What is required
Check every line below, and copy those that include "message".

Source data
--
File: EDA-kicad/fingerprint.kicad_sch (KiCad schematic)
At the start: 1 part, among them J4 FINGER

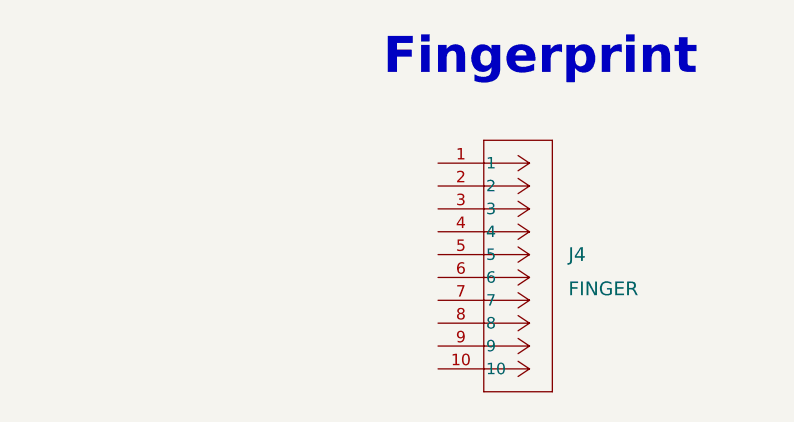
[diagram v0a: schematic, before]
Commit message: finger print scanner connected
missing pin 6 and 7, and we still need a 3d model of the connector for the board

link to datasheet: https://mm.digikey.com/Volume0/opasdata/d220001/medias/docus/5676/SPC26627-3_BM-LITE_Safetouch_Spec.pdf
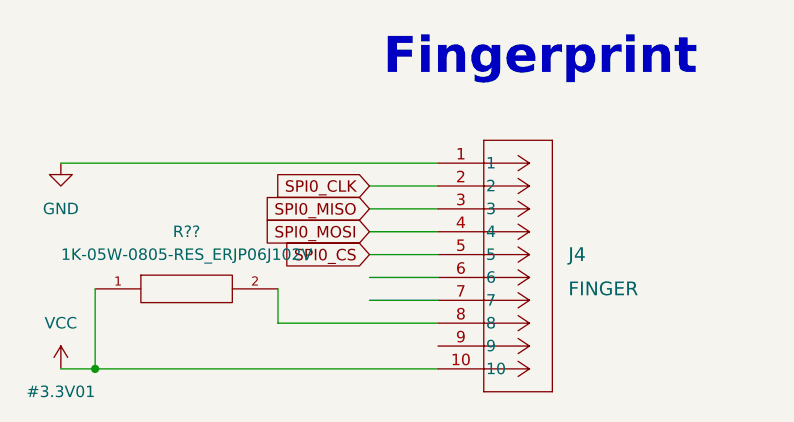
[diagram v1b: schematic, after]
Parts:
- added R??: 1K-05W-0805-RES_ERJP06J102V, SPIRIT-footprints:1K-05W-0805-RES_ERJP06J102V, symbol SPIRIT-components:1K-05W-0805-RES_ERJP06J102V
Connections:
- net GND: now reaches J4.1
- net VCC: now reaches J4.10
- net VCC: now also R??.1
- net SPI0_CLK: now reaches J4.2
- net SPI0_MISO: now reaches J4.3
- net SPI0_MOSI: now reaches J4.4
- net SPI0_CS: now reaches J4.5
- net at J4.8: now also R??.2

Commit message: schematic cleaned up a bit
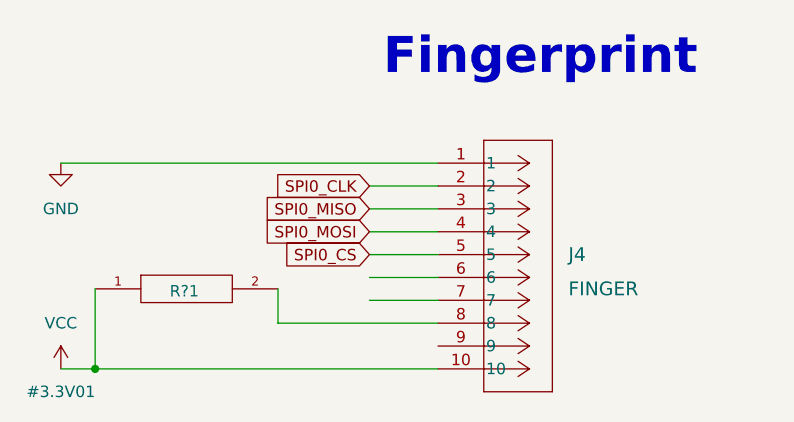
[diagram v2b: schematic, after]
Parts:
- gave numbers to parts that had none: 1
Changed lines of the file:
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@@
 		(on_board yes)
 		(dnp no)
-		(fields_autoplaced yes)
-		(property "Reference" "R??"
-			(at 101.6 101.6 0)
+		(property "Reference" "R?1"
+			(at 101.346 108.204 0)
 			(effects
 				(font
@@
 					(size 1.27 1.27)
 				)
+				(hide yes)
 			)
 		)
@@
 			(project "cm5-carrier"
 				(path "/28c5e4fe-1ec7-4477-97f0-d2ec1401fad5/22a7f479-b60d-43d3-acd2-a72a0c1ab82c"
-					(reference "R??")
+					(reference "R?1")
 					(unit 1)
 				)

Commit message: and here is fingerprint sch
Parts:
- R?1: value 1K-05W-0805-RES_ERJP06J102V -> 270K-05W-0805-RES_ERJP06J102V
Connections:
- net VCC: now also J4.7
- net SPI0_RDY: now reaches J4.6
- no-connect marks 0 -> 1
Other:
- moved on the sheet: R?1
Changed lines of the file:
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@@
+	)
+	(junction
+		(at 91.44 111.76)
+		(diameter 0)
+		(color 0 0 0 0)
 	)
 	(junction
@@
 		(color 0 0 0 0)
 	)
+	(no_connect
+		(at 129.54 114.3)
+	)
 	(wire
 		(pts
@@
 	(wire
 		(pts
-			(xy 91.44 107.95) (xy 91.44 116.84)
+			(xy 91.44 111.76) (xy 91.44 116.84)
 		)
 		(stroke
@@
 	(wire
 		(pts
-			(xy 121.92 109.22) (xy 129.54 109.22)
+			(xy 87.63 93.98) (xy 129.54 93.98)
 		)
 		(stroke
@@
 	(wire
 		(pts
-			(xy 87.63 93.98) (xy 129.54 93.98)
+			(xy 91.44 109.22) (xy 129.54 109.22)
 		)
 		(stroke
@@
 	(wire
 		(pts
-			(xy 91.44 116.84) (xy 129.54 116.84)
+			(xy 91.44 109.22) (xy 91.44 111.76)
 		)
 		(stroke
@@
 	(wire
 		(pts
-			(xy 121.92 99.06) (xy 129.54 99.06)
+			(xy 91.44 116.84) (xy 129.54 116.84)
 		)
 		(stroke
@@
 	(wire
 		(pts
-			(xy 121.92 106.68) (xy 129.54 106.68)
+			(xy 121.92 99.06) (xy 129.54 99.06)
 		)
 		(stroke
@@
 	(wire
 		(pts
-			(xy 111.76 111.76) (xy 129.54 111.76)
+			(xy 121.92 106.68) (xy 129.54 106.68)
 		)
 		(stroke
@@
 	(wire
 		(pts
-			(xy 111.76 107.95) (xy 111.76 111.76)
+			(xy 111.76 111.76) (xy 129.54 111.76)
 		)
 		(stroke
@@
 		)
 	)
+	(global_label "SPI0_RDY"
+		(shape input)
+		(at 121.92 106.68 180)
+		(fields_autoplaced yes)
+		(effects
+			(font
+				(size 1.27 1.27)
+			)
+			(justify right)
+		)
+		(property "Intersheetrefs" "${INTERSHEET_REFS}"
+			(at 110.0448 106.68 0)
+			(effects
+				(font
+					(size 1.27 1.27)
+				)
+				(justify right)
+				(hide yes)
+			)
+		)
+	)
 	(global_label "SPI0_MISO"
 		(shape input)
@@
 	(symbol
 		(lib_id "SPIRIT-components:1K-05W-0805-RES_ERJP06J102V")
-		(at 101.6 107.95 0)
+		(at 101.6 111.76 0)
 		(unit 1)
 		(exclude_from_sim no)
@@
 		(dnp no)
 		(property "Reference" "R?1"
-			(at 101.346 108.204 0)
-			(effects
-				(font
-					(size 1.27 1.27)
-				)
-			)
-		)
-		(property "Value" "1K-05W-0805-RES_ERJP06J102V"
-			(at 101.6 104.14 0)
+			(at 101.346 112.014 0)
+			(effects
+				(font
+					(size 1.27 1.27)
+				)
+			)
+		)
+		(property "Value" "270K-05W-0805-RES_ERJP06J102V"
+			(at 101.6 107.95 0)
 			(effects
 				(font
@@
 		)
 		(property "Footprint" "SPIRIT-footprints:1K-05W-0805-RES_ERJP06J102V"
-			(at 101.6 107.95 0)
+			(at 101.6 111.76 0)
 			(effects
 				(font
@@
 		)
 		(property "Datasheet" ""
-			(at 101.6 107.95 0)
+			(at 101.6 111.76 0)
 			(effects
 				(font
@@
 		)
 		(property "Description" ""
-			(at 101.6 107.95 0)
+			(at 101.6 111.76 0)
 			(effects
 				(font
@@
 		)
 		(property "PARTREV" "3/1/2020"
-			(at 101.6 107.95 0)
+			(at 101.6 111.76 0)
 			(effects
 				(font
@@
 		)
 		(property "STANDARD" "Manufacturer Recommendations"
-			(at 101.6 107.95 0)
+			(at 101.6 111.76 0)
 			(effects
 				(font
@@
 		)
 		(property "MAXIMUM_PACKAGE_HEIGHT" "0.6 mm"
-			(at 101.6 107.95 0)
+			(at 101.6 111.76 0)
 			(effects
 				(font
@@
 		)
 		(property "MANUFACTURER" "Panasonic"
-			(at 101.6 107.95 0)
-			(effects
-				(font
+			(at 101.6 111.76 0)
+			(effects
+				(font

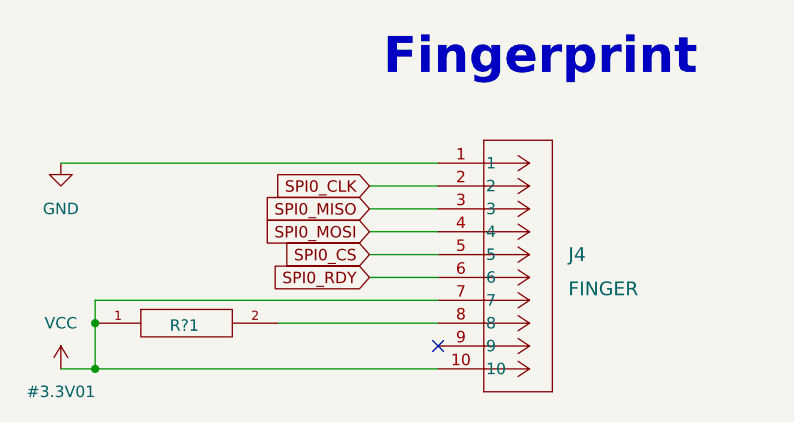
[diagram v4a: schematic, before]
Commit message: fully sync pcb to schematic, fix some models
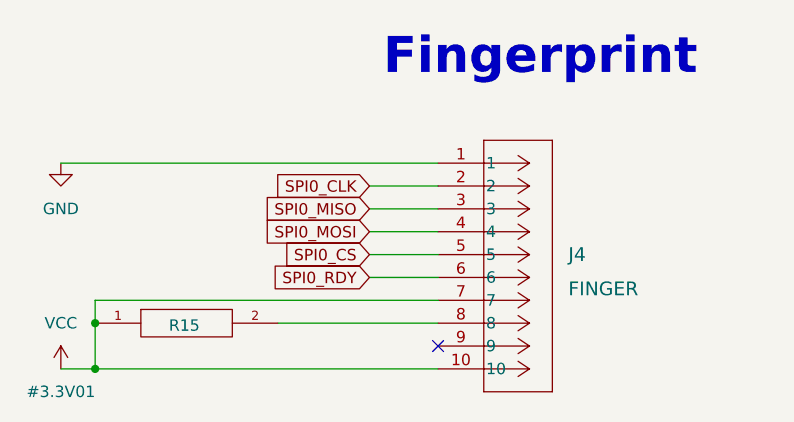
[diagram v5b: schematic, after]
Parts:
- renumbered R?1 to R15
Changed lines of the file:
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@@
 			"AAAAQwAAAGoAAABTAAAAUwAAAFQAAABhAAAATgAAAGoAAABqAAAAZQAAAGoAAABqAAAASgAAAGoA"
 			"AABtAAAAZQAAAGUAAAByAAAAdAAAAGUAAABWAAAAeAAAAGQAAAB6AAAAOQAAAHYAAABWAAAAeAAA"
-			"AGIAAABPAAAAWQAAAHgAAABWAAAARgAAAEEAAABDAAAAQwAAADQAAA=="
+			"AGIAAABPAAAAWQAAAHgAAABWAAAARgAAAEEAAABDAAAAQwAAADQAAAAAAAAAAAAAABDManQOVgAA"
+			"YEHWcQ5WAABoQdZxDlYAAGhB1nEOVgAAnHpJcLAVmsGwJdB2DlYAAAEAAAAAAAAAMQAAAAAAAABX"
+			"bGRHZVZWcgAAAAAAAAAAAAAAAAAAAAABAAAAUnpsNVQybE5kMDFFAAAAAFJFRTMAAAAAAAAAAOAl"
+			"0HYOVgAA4CXQdg5WAAAAAAAAAAAAAMDibHAOVgAAQJPbdA5WAABIk9t0DlYAAEiT23QOVgAAnHpJ"
+			"cLAVmsFAJtB2DlYAAAEAAAAAAAAAMQAAAAAAAABZMGRHYW1GWQAAAAAAAAAAAAAAAAAAAAABAAAA"
+			"VjNoc1QyMDFkbUp1AAAAAGJUZzMAAAAAAAAAAHAm0HYOVgAAcCbQdg5WAAAAAAAAAAAAADCeSm8O"
+			"VgAA8F3Lgg5WAAAAXsuCDlYAAABey4IOVgAAA5nAZv7j8wTQJtB2DlYAAAEAAAAAAAAAMgAAAAAA"
+			"AABZa2RzZFZwWAAAAAAAAAAAAAAAAAAAAAACAAAATTFKNVlqSjBiRXhYAAAAAFIxWjUAAAAAAAAA"
+			"AAAn0HYOVgAAACfQdg5WAAAAAAAAAAAAACDYDnIOVgAAUOGShw5WAABg4ZKHDlYAAGDhkocOVgAA"
+			"A5nAZv7j8wRgJ9B2DlYAAAEAAAAAAAAAMgAAAAAAAABZVEpWZEdJegAAAAAAAAAAAAAAAAAAAAAC"
+			"AAAAYlhSc1kycHdkV0l5AAAAAE1rNTIAAAAAAAAAAJAn0HYOVgAAkCfQdg5WAAAAAAAAAAAAANB3"
+			"N3oOVgAAsGnshw5WAADAaeyHDlYAAMBp7IcOVgAAA5nAZv7j8wTwJ9B2DlYAAAEAAAAAAAAAMgAA"
+			"AAAAAABXbnB3YUdSWQAAAAAAAAAAAAAAAAAAAAACAAAAUjFaNVlWYzFiazl0AAAAAFJ6ZzMAAAAA"
+			"AAAAACAo0HYOVgAAICjQdg5WAAAAAAAAAAAAAFBaqGgOVgAAcOmQhw5WAACA6ZCHDlYAAIDpkIcO"
+			"VgAAA5nAZv7j8wSAKNB2DlYAAAEAAAAAAAAAMgAAAAAAAABUVk0wTVUxRQAAAAAAAAAAAAAAAAAA"
+			"AAACAAAAZVhjeFRHcEJlRTVVAAAAAFF6QjUAAAAAAAAAALAo0HYOVgAAsCjQdg5WAAAAAAAAAAAA"
+			"ANAA3HEOVgAAAEzlaA5WAAAQTOVoDlYAABBM5WgOVgAA/4yZBJbZyxAQKdB2DlYAAAEAAAAAAAAA"
+			"MwAAAAAAAABUa04zZEU1cAAAAAAAAAAAAAAAAAAAAAADAAAAUTBGblNVTkJaMkZYAAAAAGJrSm8A"
+			"AAAAAAAAAEAp0HYOVgAAQCnQdg5WAAAAAAAAAAAAAAAMYXYOVgAAcP//////////////////////"
+			"////////////////////////////////////////////////////////////////////////////"
+			"////////////////////////////////////////////////////////////////////////////"
+			"////////////////////////////////////////////////////////////////////////////"
+			"////////////////////////////////////////////////////////////////////////////"
+			"////////////////////////////////////////////////////////////////////////////"
+			"////////////////////////////////////////////////////////////////////////////"
+			"////////////////////////////////////////////////////////////////////////////"
+			"////////////////////////////////////////////////////////////////////////////"
+			"////////////////////////////////////////////////////////////////////////////"
+			"////////////////////////////////////////////////////////////////////////////"
+			"////////////////////////////////////////////////////////////////////////////"
+			"////////////////////////////////////////////////////////////////////////////"
+			"////////////////////////////////////////////////////////////////////////////"
+			"////////////////////////////////////////////////////////////////////////////"
+			"////////////////////////////////////////////////////////////////////////////"
+			"////////////////////////////////////////////////////////////////////////////"
+			"////////////////////////////////////////////////////////////////////////////"
+			"/////////////////////////////////////////////////////w=="
 		)
 	)
@@
 			"1frGRFOgKNhoG7Hbd1Dhrt21dHpUisS3bB5wMjNPeevsuQKn09U2MgQAZvyl3/DETiPHrPJsU6mW"
 			"utqD/OmuFF8axq5LUABO/7Mpecbx9uK4hZxTO26uldMSycoEbdD97S9kF81f9N+CQvu0mVu63N6s"
-			"RXN/ALrzjub/emdwbl7pK9M2Xvc51XWYWhlhg8SBj7Ea6NBWAAAg3BtbOxkRwr2xrA=="
+			"RXN/ALrzjub/emdwbl7pK9M2Xvc51XWYWhlhg8SBj7Ea6NBWAAAg3BtbOxkRwr2xrICzrI5x0/wV"
+			"1qrQc8XA7JqPHuo6+70AXAhxzN/B23VYcQXKTFX+vuomVtiZcKX943qkBhgCDAAK4mlLtpZG4fOa"
+			"JnRYc71sTlabm7R5SMcCN9YrdG7+oXClwJVrh3tr3HvkL14C4FGPwsl6IgYvElqP3YSE33JNjjP5"
+			"2IxmzRhU3le2JCEzLZw8VncSPwtQOkPKzb8aeMYPI94ZLN8lq9WMY0drW5+PJ1AK4+qy0Gb1dq3w"
+			"7Me3yuUOJTqjTP1HrWeewPkhUSEcmn9oQwX+tvYOKXWk08MjS/ESAI86uk7UawMwRiJWrAvHRfOv"
+			"AG5cViKTkpSZFjo9pXsZBgtRTkhxuzoIr6oyeNVg+TppofFQlRPGcKfCX4mY192u+YcwYOAnt2Z2"
+			"GdiWY3WnxhWsQLd3UHXJ/MN5et9KbvTWu/fIN7wEwAOALpP0flXuiHWMi+b/tRgUL702O+abj6TT"
+			"E3qwAeVAq1SaP/A/hZvfHyzTkpSYNMeN0m7i40WCqxI6Mf+wzU01fo5ec7P82yWZtmg1WvcvqGY5"
+			"cIhj87c+oDxQSfG6UvnDlkgPjyzEmwnQg64T9Von5q+RodjmP68JtM9W8z/1SW1twHJSbP4K84wA"
+			"bdNh/gAf3SqvGgbdga0umT9Ai4IA410R6IAvh8h/jQDnGvCz1THqzPxROMfXhCWHPagH2Rbq4ZFl"
+			"eDUADZwzJuqhAp8KNLc6Jp75xyoI260RGL50IKOzdSWxU8frQYFqlgIHOzH/OAa7DeGO926Ux2xI"
+			"dMyxj+rFArNQ8+TfZo/6fh/fmp5EJhatH9Z2PoMlwK7h5Qklaol/n7+q0ueru2SxPZUeHtmDVwPQ"
+			"wPHBsFSbv8B/DeiytERGZav5nzRODwxU8xYpNH+tneDouEyZP8DqW2SOKn+JLI+qxYFEzR+UUcc9"
+			"qqbzRKSTL4bKxyr0ALYCtVX+7po/wO4ivNrqPr3VgVQPj6zASwAaMIWlWoDF1L51huD0zV9Y4qvh"
+			"xBUlstyuzlTTfrzu64c3iNeGTILmH+2mCoza+hud3r1BvrQt1CVW38J9wNzQvuk/Kbke9XsYNdzl"
+			"kjxHrB0mb4lwHsrmuN9l3Y8YcdMdClR4pOX9+ny7h3UHe0o9PDKPlwA0YIx9OYqI6lJIaMhazILg"
+			"roowcp9dOGvJ9fKjA5kppf143aNxNYtRjnDN/OuzSaHXe4PltjWlWTK7oYhWNaEv8JkL5l+7KQxu"
+			"O1pbxjo8XawZJsvUx/mA5dBSN/q0CFy6rZq3W96rh9sW6+GRQbwEoAEjBewRWZaU+ZvUGwd3NyAU"
+			"LR0ow2f1kgBZSuGjuktBNYsV2sbrIGbH/FX43BA6vD9YXnSm1H3WXC+bDR+XABvrBf//////////"
+			"////////////////////////////////////////////////////////////////////////////"
+			"////////////////////////////////////////////////////////////////////////////"
+			"////////////////////////////////////////////////////////////////////////////"
+			"////////////////////////////////////////////////////////////////////////////"
+			"////////////////////////////////////////////////////////////////////////////"
+			"////////////////////////////////////////////////////////////////////////////"
+			"////////////////////////////////////////////////////////////////////////////"
+			"////////////////////////////////////////////////////////////////////////////"
+			"////////////////////////////////////////////////////////////////////////////"
+			"////////////////////////////////////////////////////////////////////////////"
+			"////////////////////////////////////////////////////////////////////////////"
+			"////////////////////////////////////////////////////////////////////////////"
+			"////////////////////////////////////////////////////////////////////////////"
+			"////////////////////////////////////////////////////////////////////////////"
+			"////////////////////////////////////////////////////////////////////////////"
+			"////////////////////////////////////////////////////////////////////////////"
+			"////////////////////////////////////////////////////////////////////////////"
+			"/////////////////////////////////////////////////////////////////w=="
 		)
 	)
@@
 		(on_board yes)
 		(dnp no)
-		(property "Reference" "R?1"
+		(property "Reference" "R15"
 			(at 101.346 112.014 0)
 			(effects
@@
 			(project "cm5-carrier"
 				(path "/28c5e4fe-1ec7-4477-97f0-d2ec1401fad5/22a7f479-b60d-43d3-acd2-a72a0c1ab82c"
-					(reference "R?1")
+					(reference "R15")
 					(unit 1)
 				)
--
Result for this task
Commit message: finger print scanner connected
Commit message: schematic cleaned up a bit
Commit message: and here is fingerprint sch
Commit message: fully sync pcb to schematic, fix some models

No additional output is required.